§ **DATA RECORDS**
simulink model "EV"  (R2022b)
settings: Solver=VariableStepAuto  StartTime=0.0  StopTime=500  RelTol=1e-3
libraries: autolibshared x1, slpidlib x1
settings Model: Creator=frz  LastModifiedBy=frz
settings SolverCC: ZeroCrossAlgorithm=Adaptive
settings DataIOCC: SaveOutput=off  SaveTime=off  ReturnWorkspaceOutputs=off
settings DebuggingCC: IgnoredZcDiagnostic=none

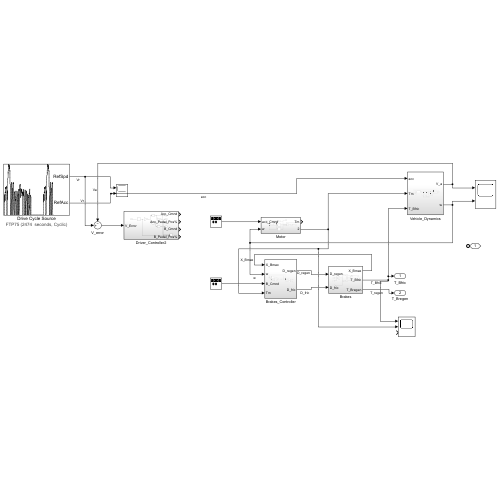
[thumbnail: Simulink's stored preview of the top-level diagram]
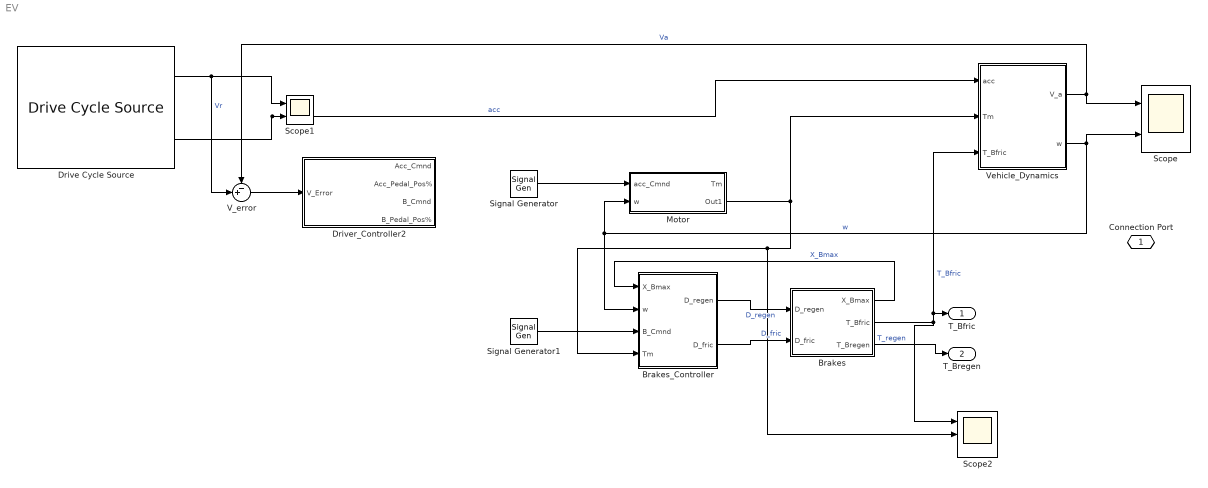
== system EV ==
  Brakes : Subsystem
  Brakes_Controller : Subsystem
  Drive Cycle Source : autolibshared/Drive Cycle Source  cycleVar=FTP75  fileVar=cycleFTP75.mat  tfinal="2474  seconds, Cyclic"  cycleRepeat=on  outAccPort=on  outGearPort=off  gearList=No gear data  t_wot1=5  xdot_woto=0  xdot_wot1=30  t_wot2=20  xdot_wot2=0  t_wotend=30  srcUnit=m/s  outUnit=km/h  srcAccUnit=m/s/s  outAccUnit=km/h^2  dt=0  aMode=1  faultOption=off  velBnd=2  velBndUnit=mph  inUnit=m/s  timeBnd=1  failOption=off  stopSim=off  maxFaultCnt=10  maxFaultTime=2  maxTotFaultTime=15  traceOption=off  dtTrace=1  traceWindow=10  lastDCname=FTP75  lastOutUnit=mph  lastDT=0  lastTB=1  lastSB=2  forceCalcBound=off
  Driver_Controller2 : Subsystem
  Motor : Subsystem
  Scope : Scope  NumInputPorts=2
  Scope1 : Scope  NumInputPorts=2
  Scope2 : Scope  NumInputPorts=3
  Signal Generator : SignalGenerator  Frequency=0.005  Units=rad/sec
  Signal Generator1 : SignalGenerator  Amplitude=-1  Frequency=0.005  Units=rad/sec
  V_error : Sum  Inputs=-+|
  Vehicle_Dynamics : Subsystem
  Connection Port : PMIOPort  Side=Left
  T_Bfric : Outport
  T_Bregen : Outport  Port=2
  wires:
  Drive Cycle Source/1 -> Scope1/1, V_error/2  "Vr"
  Drive Cycle Source/2 -> Scope1/2, Vehicle_Dynamics/1(acc)  "acc"
  Brakes/2(T_Bfric) -> Scope2/1, Vehicle_Dynamics/3(T_Bfric), T_Bfric/1  "T_Bfric"
  Brakes/1(X_Bmax) -> Brakes_Controller/1(X_Bmax)  "X_Bmax"
  Brakes_Controller/1(D_regen) -> Brakes/1(D_regen)  "D_regen"
  Brakes_Controller/2(D_fric) -> Brakes/2(D_fric)  "D_fric"
  Brakes/3(T_Bregen) -> T_Bregen/1  "T_regen"
  Vehicle_Dynamics/2(w) -> Scope/2, Motor/2(w), Brakes_Controller/2(w)  "w"
  Vehicle_Dynamics/1(V_a) -> V_error/1, Scope/1  "Va"
  Motor/2(Out1) -> Vehicle_Dynamics/2(Tm), Scope2/2, Brakes_Controller/4(Tm)
  V_error/1 -> Driver_Controller2/1(V_Error)
  Signal Generator1/1 -> Brakes_Controller/3(B_Cmnd)
  Signal Generator/1 -> Motor/1(acc_Cmnd)

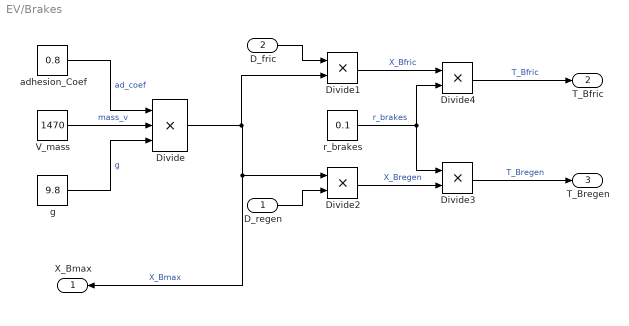
== system EV/Brakes ==
  D_regen : Inport
  D_fric : Inport  Port=2
  Divide : Product  Inputs=***
  Divide{1..4} (4 alike) : Product  Inputs=**
  V_mass : Constant  Value=1470
  adhesion_Coef : Constant  Value=0.8
  g : Constant  Value=9.8
  r_brakes : Constant  Value=0.1
  X_Bmax : Outport
  T_Bfric : Outport  Port=2
  T_Bregen : Outport  Port=3
  wires:
  g/1 -> Divide/3  "g"
  adhesion_Coef/1 -> Divide/1  "ad_coef"
  V_mass/1 -> Divide/2  "mass_v"
  D_fric/1 -> Divide1/1
  Divide1/1 -> Divide4/1  "X_Bfric"
  Divide4/1 -> T_Bfric/1  "T_Bfric"
  r_brakes/1 -> Divide3/1, Divide4/2  "r_brakes"
  D_regen/1 -> Divide2/2
  Divide/1 -> Divide1/2, X_Bmax/1, Divide2/1  "X_Bmax"
  Divide2/1 -> Divide3/2  "X_Bregen"
  Divide3/1 -> T_Bregen/1  "T_Bregen"

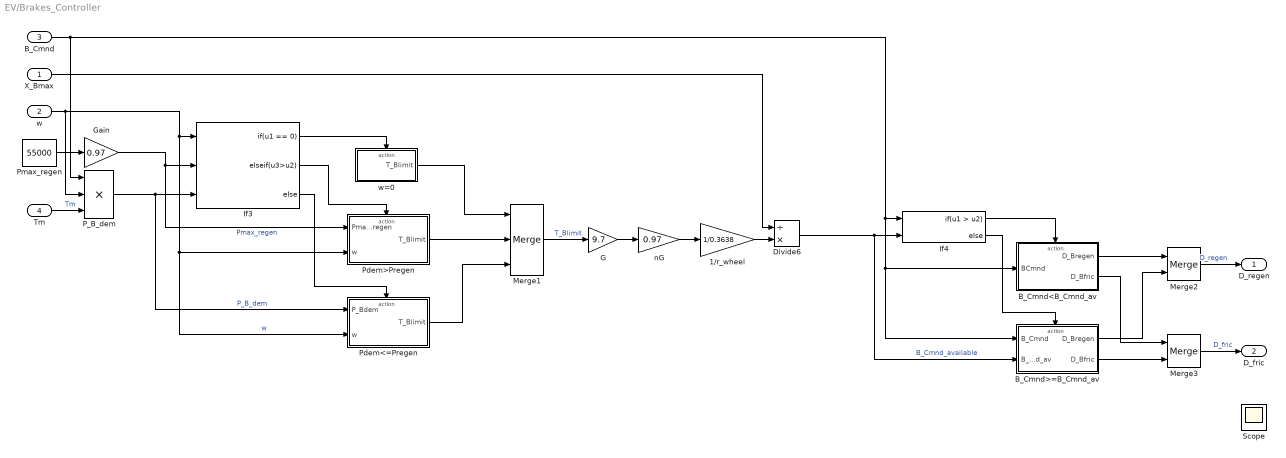
== system EV/Brakes_Controller ==
  X_Bmax : Inport
  w : Inport  Port=2
  B_Cmnd : Inport  Port=3
  Tm : Inport  Port=4
  1/r_wheel : Gain  Gain=1/0.3638
  B_Cmnd<B_Cmnd_av : Subsystem  TreatAsAtomicUnit=on
  B_Cmnd>=B_Cmnd_av : Subsystem  TreatAsAtomicUnit=on
  Divide6 : Product  Inputs=/*
  G : Gain  Gain=9.7
  Gain : Gain  Gain=0.97
  If3 : If  NumInputs=3  IfExpression=u1 == 0  ElseIfExpressions=u3>u2
  If4 : If  NumInputs=2  IfExpression=u1 > u2
  Merge1 : Merge  Inputs=3
  Merge2 : Merge
  Merge3 : Merge
  P_B_dem : Product  Inputs=***
  Pdem<=Pregen : Subsystem  TreatAsAtomicUnit=on
  Pdem>Pregen : Subsystem  TreatAsAtomicUnit=on
  Pmax_regen : Constant  Value=55000
  Scope : Scope
  nG : Gain  Gain=0.97
  w=0 : Subsystem  TreatAsAtomicUnit=on
  D_regen : Outport
  D_fric : Outport  Port=2
  wires:
  Pdem<=Pregen/1(T_Blimit) -> Merge1/3
  If3/1 -> w=0/Action
  Pmax_regen/1 -> Gain/1
  B_Cmnd/1 -> If4/1, B_Cmnd<B_Cmnd_av/1(BCmnd), B_Cmnd>=B_Cmnd_av/1(B_Cmnd), P_B_dem/1
  X_Bmax/1 -> Divide6/1
  Merge2/1 -> D_regen/1  "D_regen"
  If3/2 -> Pdem>Pregen/Action
  P_B_dem/1 -> If3/3, Pdem<=Pregen/1(P_Bdem)  "P_B_dem"
  G/1 -> nG/1
  w/1 -> P_B_dem/2, Pdem>Pregen/2(w), Pdem<=Pregen/2(w), If3/1  "w"
  w=0/1(T_Blimit) -> Merge1/1
  Pdem>Pregen/1(T_Blimit) -> Merge1/2
  B_Cmnd>=B_Cmnd_av/2(D_Bfric) -> Merge3/2
  If3/3 -> Pdem<=Pregen/Action
  1/r_wheel/1 -> Divide6/2
  B_Cmnd<B_Cmnd_av/2(D_Bfric) -> Merge3/1
  B_Cmnd>=B_Cmnd_av/1(D_Bregen) -> Merge2/2
  If4/2 -> B_Cmnd>=B_Cmnd_av/Action
  Divide6/1 -> If4/2, B_Cmnd>=B_Cmnd_av/2(B_Cmnd_av)  "B_Cmnd_available"
  If4/1 -> B_Cmnd<B_Cmnd_av/Action
  nG/1 -> 1/r_wheel/1
  Merge1/1 -> G/1  "T_Blimit"
  B_Cmnd<B_Cmnd_av/1(D_Bregen) -> Merge2/1
  Merge3/1 -> D_fric/1  "D_fric"
  Gain/1 -> If3/2, Pdem>Pregen/1(Pmax_regen)  "Pmax_regen"
  Tm/1 -> P_B_dem/3  "Tm"

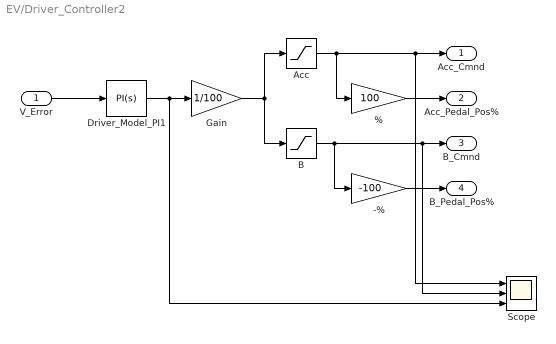
== system EV/Driver_Controller2 ==
  V_Error : Inport
  % : Gain  Gain=100
  -% : Gain  Gain=-100
  Acc : Saturate  UpperLimit=1  LowerLimit=0
  B : Saturate  UpperLimit=0  LowerLimit=-1
  Driver_Model_PI1 : slpidlib/PID Controller  Controller=PI  Form=Parallel  TimeDomain=Continuous-time  UseExternalTs=off  SampleTime=-1  IntegratorMethod=Forward Euler  FilterMethod=Forward Euler  ControllerParametersSource=internal  P=60  I=2  UseKiTs=off  D=0  N=100  UseFilter=on  TunerSelectOption=Transfer Function Based (PID Tuner App)  InitialConditionSource=internal  InitialConditionForIntegrator=0  InitialConditionForFilter=0  DifferentiatorICPrevScaledInput=0  ExternalReset=none  TrackingMode=off  Kt=1  LimitOutput=off  SatLimitsSource=internal  UpperSaturationLimit=inf  LowerSaturationLimit=-inf  LinearizeAsGain=on  AntiWindupMode=none  Kb=1  LimitIntegrator=off  UpperIntegratorSaturationLimit=inf  LowerIntegratorSaturationLimit=-inf  POutMin=[]  POutMax=[]  IOutMin=[]  IOutMax=[]  DOutMin=[]  DOutMax=[]  NOutMin=[]  NOutMax=[]  SumOutMin=[]  SumOutMax=[]  SaturationOutMin=[]  SaturationOutMax=[]  PParamMin=[]  PParamMax=[]  IParamMin=[]  IParamMax=[]  DParamMin=[]  DParamMax=[]  NParamMin=[]  NParamMax=[]  KbParamMin=[]  KbParamMax=[]  KtParamMin=[]  KtParamMax=[]  KbOutMin=[]  KbOutMax=[]  KtOutMin=[]  KtOutMax=[]  IntegratorOutMin=[]  IntegratorOutMax=[]  FilterOutMin=[]  FilterOutMax=[]  SumI1OutMin=[]  SumI1OutMax=[]  SumI2OutMin=[]  SumI2OutMax=[]  SumI3OutMin=[]  SumI3OutMax=[]  SumI4OutMin=[]  SumI4OutMax=[]  SumDOutMin=[]  SumDOutMax=[]  DifferentiatorOutMin=[]  DifferentiatorOutMax=[]  FilterDiffOutCoefMin=[]  FilterDiffOutCoefMax=[]  ReciprocalOutMin=[]  ReciprocalOutMax=[]  SumDenOutMin=[]  SumDenOutMax=[]  SumNumOutMin=[]  SumNumOutMax=[]  DivideOutMin=[]  DivideOutMax=[]  UdiffTsProdOutMin=[]  UdiffTsProdOutMax=[]  NTsProdOutMin=[]  NTsProdOutMax=[]  UintegralTsProdOutMin=[]  UintegralTsProdOutMax=[]  UngainTsProdOutMin=[]  UngainTsProdOutMax=[]  ClampingZeroOutDataTypeStr=Inherit: Inherit via back propagation  ClampingZeroOutMin=[]  ClampingZeroOutMax=[]  FilterDenConstantOutDataTypeStr=Inherit: Inherit via back propagation  FilterDenConstantOutMin=[]  FilterDenConstantOutMax=[]  PCopyOutDataTypeStr=Inherit: Inherit via back propagation  PCopyOutMin=[]  PCopyOutMax=[]  NCopyOutDataTypeStr=Inherit: Inherit via back propagation  NCopyOutMin=[]  NCopyOutMax=[]  IntegratorContinuousStateAttributes=''  IntegratorStateMustResolveToSignalObject=off  IntegratorRTWStateStorageClass=Auto  FilterContinuousStateAttributes=''  FilterStateMustResolveToSignalObject=off  FilterRTWStateStorageClass=Auto  ParallelPVariant=InternalParameters  IdealPVariant=Disabled  IVariant=InternalParameters  DVariant=Disabled  IntegratorVariant=Continuous  SatVariant=Disabled  AWVariant=Passthrough  PCopyVariant=Disabled  TRVariant=Disabled  FdbkBlocksVariant=Forward  IdealPFdbkVariant=Disabled  SatFdbkVariant=Disabled  DerivativeFilterVariant=Disabled  NVariant=Disabled  NCopyVariant=Disabled_SignalSpec  FilterICVariant=Disabled  IntegratorICVariant=InternalICs  ExternalResetVariant=Disabled  TRSumVariant=Passthrough  SumFdbkVariant=Disabled  SumVariant=Sum_PI  TsampFilterVariant=InternalTs  TsampNgainVariant=Passthrough  TsampIntegralVariant=Passthrough  ExternalSaturationOutDataTypeStr=Inherit: Same as second input
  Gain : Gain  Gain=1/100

§ **EXERCISE PROMPT**
Copy each line of the listing that carries the string "Pdem".

§ **REPLY**
  Pdem<=Pregen : Subsystem  TreatAsAtomicUnit=on
  Pdem>Pregen : Subsystem  TreatAsAtomicUnit=on
  Pdem<=Pregen/1(T_Blimit) -> Merge1/3
  If3/2 -> Pdem>Pregen/Action
  P_B_dem/1 -> If3/3, Pdem<=Pregen/1(P_Bdem)  "P_B_dem"
  w/1 -> P_B_dem/2, Pdem>Pregen/2(w), Pdem<=Pregen/2(w), If3/1  "w"
  Pdem>Pregen/1(T_Blimit) -> Merge1/2
  If3/3 -> Pdem<=Pregen/Action
  Gain/1 -> If3/2, Pdem>Pregen/1(Pmax_regen)  "Pmax_regen"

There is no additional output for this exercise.